Pero el caso de Uribe es solo uno que ilustra la impunidad de los intocables de Colombia. Mientras se sabe que la inmensa mayoría de la clase política es criminal, rara vez uno de ellos enfrenta la justicia. Igual sucede con el empresariado, el caso de Odebrecht deja claro que los contratos con el Estado se obtienen mediante el soborno y la corrupción, incluso tratándose del hombre más rico del país (quizá eso explica que lo sea), pero este resulta aún más intocable que Uribe.

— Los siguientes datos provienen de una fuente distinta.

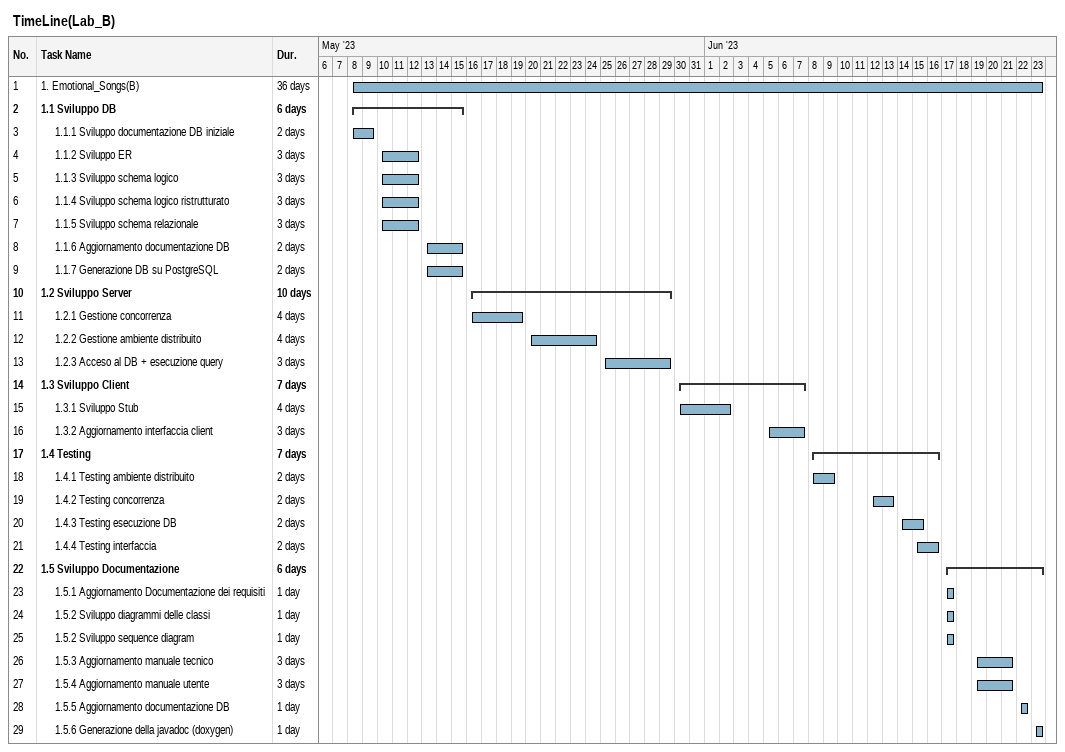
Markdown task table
TimeLine(Lab_B)

| ID | Level | Task | Duration | Start | Finish |
|---|---|---|---|---|---|
| 1 | 1 | 1. Emotional_Songs(B) | 36d | 2023-05-08 | 2023-06-23 |
| 2 | 1 | **1.1 Sviluppo DB** | 6d | 2023-05-08 | 2023-05-15 |
| 3 | 2 | 1.1.1 Sviluppo documentazione DB iniziale | 2d | 2023-05-08 | 2023-05-09 |
| 4 | 2 | 1.1.2 Sviluppo ER | 3d | 2023-05-10 | 2023-05-12 |
| 5 | 2 | 1.1.3 Sviluppo schema logico | 3d | 2023-05-10 | 2023-05-12 |
| 6 | 2 | 1.1.4 Sviluppo schema logico ristrutturato | 3d | 2023-05-10 | 2023-05-12 |
| 7 | 2 | 1.1.5 Sviluppo schema relazionale | 3d | 2023-05-10 | 2023-05-12 |
| 8 | 2 | 1.1.6 Aggiornamento documentazione DB | 2d | 2023-05-13 | 2023-05-15 |
| 9 | 2 | 1.1.7 Generazione DB su PostgreSQL | 2d | 2023-05-13 | 2023-05-15 |
| 10 | 1 | **1.2 Sviluppo Server** | 10d | 2023-05-16 | 2023-05-29 |
| 11 | 2 | 1.2.1 Gestione concorrenza | 4d | 2023-05-16 | 2023-05-19 |
| 12 | 2 | 1.2.2 Gestione ambiente distribuito | 4d | 2023-05-20 | 2023-05-24 |
| 13 | 2 | 1.2.3 Acceso al DB + esecuzione query | 3d | 2023-05-25 | 2023-05-29 |
| 14 | 1 | **1.3 Sviluppo Client** | 7d | 2023-05-30 | 2023-06-07 |
| 15 | 2 | 1.3.1 Sviluppo Stub | 4d | 2023-05-30 | 2023-06-02 |
| 16 | 2 | 1.3.2 Aggiornamento interfaccia client | 3d | 2023-06-05 | 2023-06-07 |
| 17 | 1 | **1.4 Testing** | 7d | 2023-06-08 | 2023-06-16 |
| 18 | 2 | 1.4.1 Testing ambiente distribuito | 2d | 2023-06-08 | 2023-06-09 |
| 19 | 2 | 1.4.2 Testing concorrenza | 2d | 2023-06-12 | 2023-06-13 |
| 20 | 2 | 1.4.3 Testing esecuzione DB | 2d | 2023-06-14 | 2023-06-15 |
| 21 | 2 | 1.4.4 Testing interfaccia | 2d | 2023-06-15 | 2023-06-16 |
| 22 | 1 | **1.5 Sviluppo Documentazione** | 6d | 2023-06-17 | 2023-06-23 |
| 23 | 2 | 1.5.1 Aggiornamento Documentazione dei requisiti | 1d | 2023-06-17 | 2023-06-17 |
| 24 | 2 | 1.5.2 Sviluppo diagrammi delle classi | 1d | 2023-06-17 | 2023-06-17 |
| 25 | 2 | 1.5.2 Sviluppo sequence diagram | 1d | 2023-06-17 | 2023-06-17 |
| 26 | 2 | 1.5.3 Aggiornamento manuale tecnico | 3d | 2023-06-19 | 2023-06-21 |
| 27 | 2 | 1.5.4 Aggiornamento manuale utente | 3d | 2023-06-19 | 2023-06-21 |
| 28 | 2 | 1.5.5 Aggiornamento documentazione DB | 1d | 2023-06-22 | 2023-06-22 |
| 29 | 2 | 1.5.6 Generazione della javadoc (doxygen) | 1d | 2023-06-23 | 2023-06-23 |
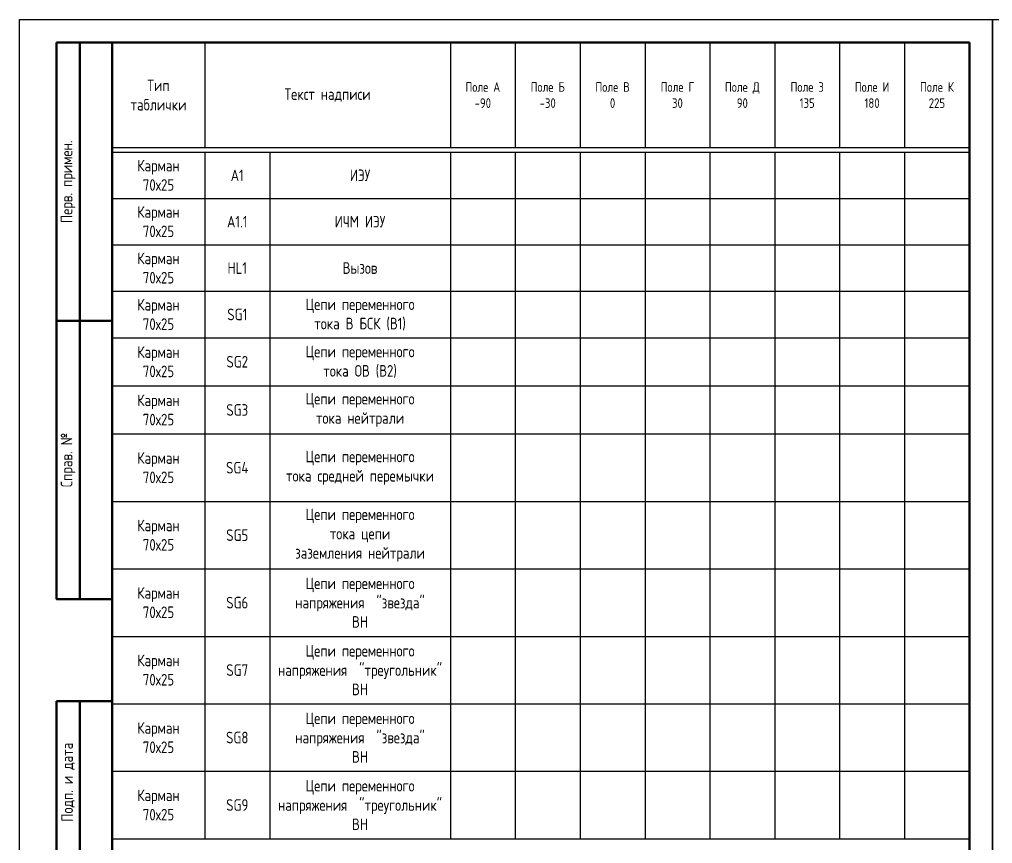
# Model space of a CAD drawing. Header units: millimetres. Extents: x -1117 to 4405, y -90 to 586.
# Drawn here: x -630 to -420, y 119.3 to 297 of the extents above; entities that cross this region are included whole.
import ezdxf

# ---------------------------------------------------------------- set-up
doc = ezdxf.new("R2010")
doc.units = ezdxf.units.MM
doc.styles.add('Gost_type_A', font='GOST_A.TTF')

# ---------------------------------------------------------------- blocks, each defined once
blk = doc.blocks.new('Штамп левый верхний')
at = {"lineweight": 50}
for points in [[(-12, 0), (-7, 0), (-7, -60), (-12, -60)], [(-7, 0), (0, 0), (0, -60), (-7, -60)], [(-12, -60), (-7, -60), (-7, -120), (-12, -120)], [(-7, -60), (0, -60), (0, -120), (-7, -120)]]:
    blk.add_lwpolyline(points, close=True, dxfattribs=at)
at = {"char_height": 2.5, "width": 60, "attachment_point": 5, "rotation": 90, "style": 'Gost_type_A'}
for s, insert in [('Перв. примен.', (-9.5, -30)), ('Справ. №', (-9.5, -90))]:
    blk.add_mtext(s, dxfattribs=dict(at, insert=insert))
blk = doc.blocks.new('Штамп левый нижний')
at = {"lineweight": 50}
for points in [[(-12, 145), (-7, 145), (-7, 110), (-12, 110)], [(-7, 145), (0, 145), (0, 110), (-7, 110)], [(-12, 110), (-7, 110), (-7, 85), (-12, 85)], [(-7, 110), (0, 110), (0, 85), (-7, 85)], [(-12, 85), (-7, 85), (-7, 60), (-12, 60)], [(-7, 85), (0, 85), (0, 60), (-7, 60)], [(-12, 60), (-7, 60), (-7, 25), (-12, 25)], [(-7, 60), (0, 60), (0, 25), (-7, 25)], [(-12, 25), (-7, 25), (-7, 0), (-12, 0)], [(-7, 25), (0, 25), (0, 0), (-7, 0)]]:
    blk.add_lwpolyline(points, close=True, dxfattribs=at)
at = {"char_height": 2.5, "attachment_point": 5, "rotation": 90, "style": 'Gost_type_A'}
for s, insert, width in [('Подп. и дата', (-9.5, 127.5), 35), ('Инв. № дубл.', (-9.5, 97.5), 25), ('Взам. инв. №', (-9.5, 72.5), 25), ('Подп. и дата', (-9.5, 42.5), 35), ('Инв. N подл.', (-9.5, 12.5), 25)]:
    blk.add_mtext(s, dxfattribs=dict(at, insert=insert, width=width))
blk = doc.blocks.new('Формат_А4')
blk.add_lwpolyline([(0, 297), (0, 0), (-210, 0), (-210, 297)], close=True)
at = {"lineweight": 50}
blk.add_lwpolyline([(-190, 292), (-5, 292), (-5, 5), (-190, 5)], close=True, dxfattribs=at)
blk = doc.blocks.new('*T21')
at = {"color": 0, "linetype": 'ByBlock', "lineweight": -2, "transparency": 16777216}
for p, q in [((0, 0), (185, 0)), ((0, 0), (0, -171.7)), ((20, 0), (20, -22.61)), ((73, 0), (73, -22.61)), ((87, 0), (87, -22.61)), ((101, 0), (101, -22.61)), ((115, 0), (115, -22.61)), ((129, 0), (129, -22.61)), ((143, 0), (143, -22.61)), ((157, 0), (157, -22.61)), ((171, 0), (171, -22.61)), ((185, 0), (185, -171.7)), ((0, -22.61), (185, -22.61)), ((0, -23.61), (185, -23.61)), ((20, -23.61), (20, -171.7)), ((34, -23.61), (34, -171.7)), ((73, -23.61), (73, -171.7)), ((87, -23.61), (87, -171.7)), ((101, -23.61), (101, -171.7)), ((115, -23.61), (115, -171.7)), ((129, -23.61), (129, -171.7)), ((143, -23.61), (143, -171.7)), ((157, -23.61), (157, -171.7)), ((171, -23.61), (171, -171.7)), ((0, -33.61), (185, -33.61)), ((0, -43.61), (185, -43.61)), ((0, -53.61), (185, -53.61)), ((0, -63.63), (185, -63.63)), ((0, -74.02), (185, -74.02)), ((0, -84.4), (185, -84.4)), ((0, -98.95), (185, -98.95)), ((0, -113.5), (185, -113.5)), ((0, -128.05), (185, -128.05)), ((0, -142.6), (185, -142.6)), ((0, -157.15), (185, -157.15)), ((0, -171.7), (185, -171.7))]:
    blk.add_line(p, q, dxfattribs=at)
at = {"color": 0, "transparency": 16777216, "char_height": 2.5, "attachment_point": 5, "style": 'Gost_type_A'}
for s, insert, width in [('Тип таблички', (10, -11.3), 17), ('Текст надписи', (46.5, -11.3), 50), ('{\\H0.83333x;\\C256;Поле А \\P-90}', (80, -11.3), 11), ('{\\H0.83333x;\\C256;Поле Б\\P-30}', (94, -11.3), 11), ('{\\H0.83333x;\\C256;Поле В\\P0}', (108, -11.3), 11), ('{\\H0.83333x;\\C256;Поле Г\\P30}', (122, -11.3), 11), ('{\\H0.83333x;\\C256;Поле Д\\P90}', (136, -11.3), 11), ('{\\H0.83333x;\\C256;Поле З\\P135}', (150, -11.3), 11), ('{\\H0.83333x;\\C256;Поле И\\P180}', (164, -11.3), 11), ('{\\H0.83333x;\\C256;Поле К\\P225}', (178, -11.3), 11), ('Карман\\P70х25', (10, -28.61), 17), ('A1', (27, -28.61), 11), ('ИЭУ', (53.5, -28.61), 36), ('Карман\\P70х25', (10, -38.61), 17), ('A1.1', (27, -38.61), 11), ('ИЧМ ИЭУ', (53.5, -38.61), 36), ('Карман\\P70х25', (10, -48.61), 17), ('HL1', (27, -48.61), 11), ('Вызов', (53.5, -48.61), 36), ('Карман\\P70х25', (10, -58.62), 17), ('{\\C256;Цепи переменного \\Pтока В БСК (В1)}', (53.5, -58.62), 36), ('SG1', (27, -58.62), 11), ('Карман\\P70х25', (10, -68.82), 17), ('{\\C256;Цепи переменного \\Pтока ОВ (В2)}', (53.5, -68.82), 36), ('SG2', (27, -68.82), 11), ('{\\C256;Цепи переменного \\Pтока нейтрали}', (53.5, -79.21), 36), ('Карман\\P70х25', (10, -79.21), 17), ('SG3', (27, -79.21), 11), ('{\\C256;Цепи переменного \\Pтока средней перемычки}', (53.5, -91.67), 36), ('Карман\\P70х25', (10, -91.67), 17), ('SG4', (27, -91.67), 11), ('{\\C256;Цепи переменного \\Pтока цепи\\Pзаземления нейтрали}', (53.5, -106.22), 36), ('Карман\\P70х25', (10, -106.22), 17), ('SG5', (27, -106.22), 11), ('{\\C256;Цепи переменного напряжения  "звезда"\\PВН}', (53.5, -120.77), 36), ('Карман\\P70х25', (10, -120.77), 17), ('SG6', (27, -120.77), 11), ('{\\C256;Цепи переменного напряжения  "треугольник"\\PВН}', (53.5, -135.32), 36), ('Карман\\P70х25', (10, -135.32), 17), ('SG7', (27, -135.32), 11), ('{\\C256;Цепи переменного напряжения  "звезда"\\PВН}', (53.5, -149.87), 36), ('Карман\\P70х25', (10, -149.87), 17), ('SG8', (27, -149.87), 11), ('{\\C256;Цепи переменного напряжения  "треугольник"\\PВН}', (53.5, -164.42), 36), ('Карман\\P70х25', (10, -164.42), 17), ('SG9', (27, -164.42), 11)]:
    blk.add_mtext(s, dxfattribs=dict(at, insert=insert, width=width))

msp = doc.modelspace()

# ---------------------------------------------------------------- block references
at = {"color": 1}
for name, p in [('Формат_А4', (-420, 0)), ('Формат_А4', (-210, 0)), ('Штамп левый верхний', (-610, 292)), ('Штамп левый нижний', (-610, 5))]:
    msp.add_blockref(name, p, dxfattribs=at)
msp.add_blockref('*T21', (-610, 292))

doc.saveas('drawing.dxf')

En realidad, los poderes políticos y económicos forman un entramado en el que se transita de una esfera a la otra. El intocable del grupo AVAL nombra al fiscal, Martínez Neira, que debe investigar la corrupción en la que está involucrado el intocable del grupo AVAL. La investigación, por supuesto, concluye que los empleados de Sarmiento actuaron para beneficiar (con cientos de miles de millones) a Sarmiento sin que Sarmiento lo supiese; sobra recordar que Martínez Neira era el abogado de Sarmiento antes de ser fiscal, y que volvió a serlo después de ser fiscal. Otros comparten ambas facetas: son políticos y empresarios en simultáneo; es el caso de la familia Char; como funcionarios públicos asignan la contratación estatal a sus empresas; y cuando es necesario, acuden a la criminalidad, sea sobornos o paramilitarismo. De nuevo, ninguna investigación prospera. En pocas palabras, los poderosos de Colombia están seguros de que nunca serán juzgados, porque controlan el poder político y el aparato de justicia.
De manera que la impunidad de la que ha disfrutado Uribe a lo largo de su vida pública ejemplifica la impunidad que cobija a los poderosos, la oligarquía colombiana, que se han enriquecido mediante el control del Estado, y han logrado la condición de intocables gracias a su control del aparato de la justicia, cuyos funcionarios operan más como sus empelados que como sus investigadores. Tal situación resultó fundamental para que Colombia viviese la tragedia que ha vivido: una clase dirigente y empresarial criminal hasta los tuétanos y, en consecuencia, una criminalidad generalizada en la sociedad. Por tanto, para superar esa tragedia, se hace necesario que la justicia, como el Estado en general, deje de ser instrumento al servicio de los poderosos y pase a ser garante de los derechos de todos los colombianos. Tal cosa solo se logrará desalojando del poder a quienes lo han ostentado durante los últimos 200 años.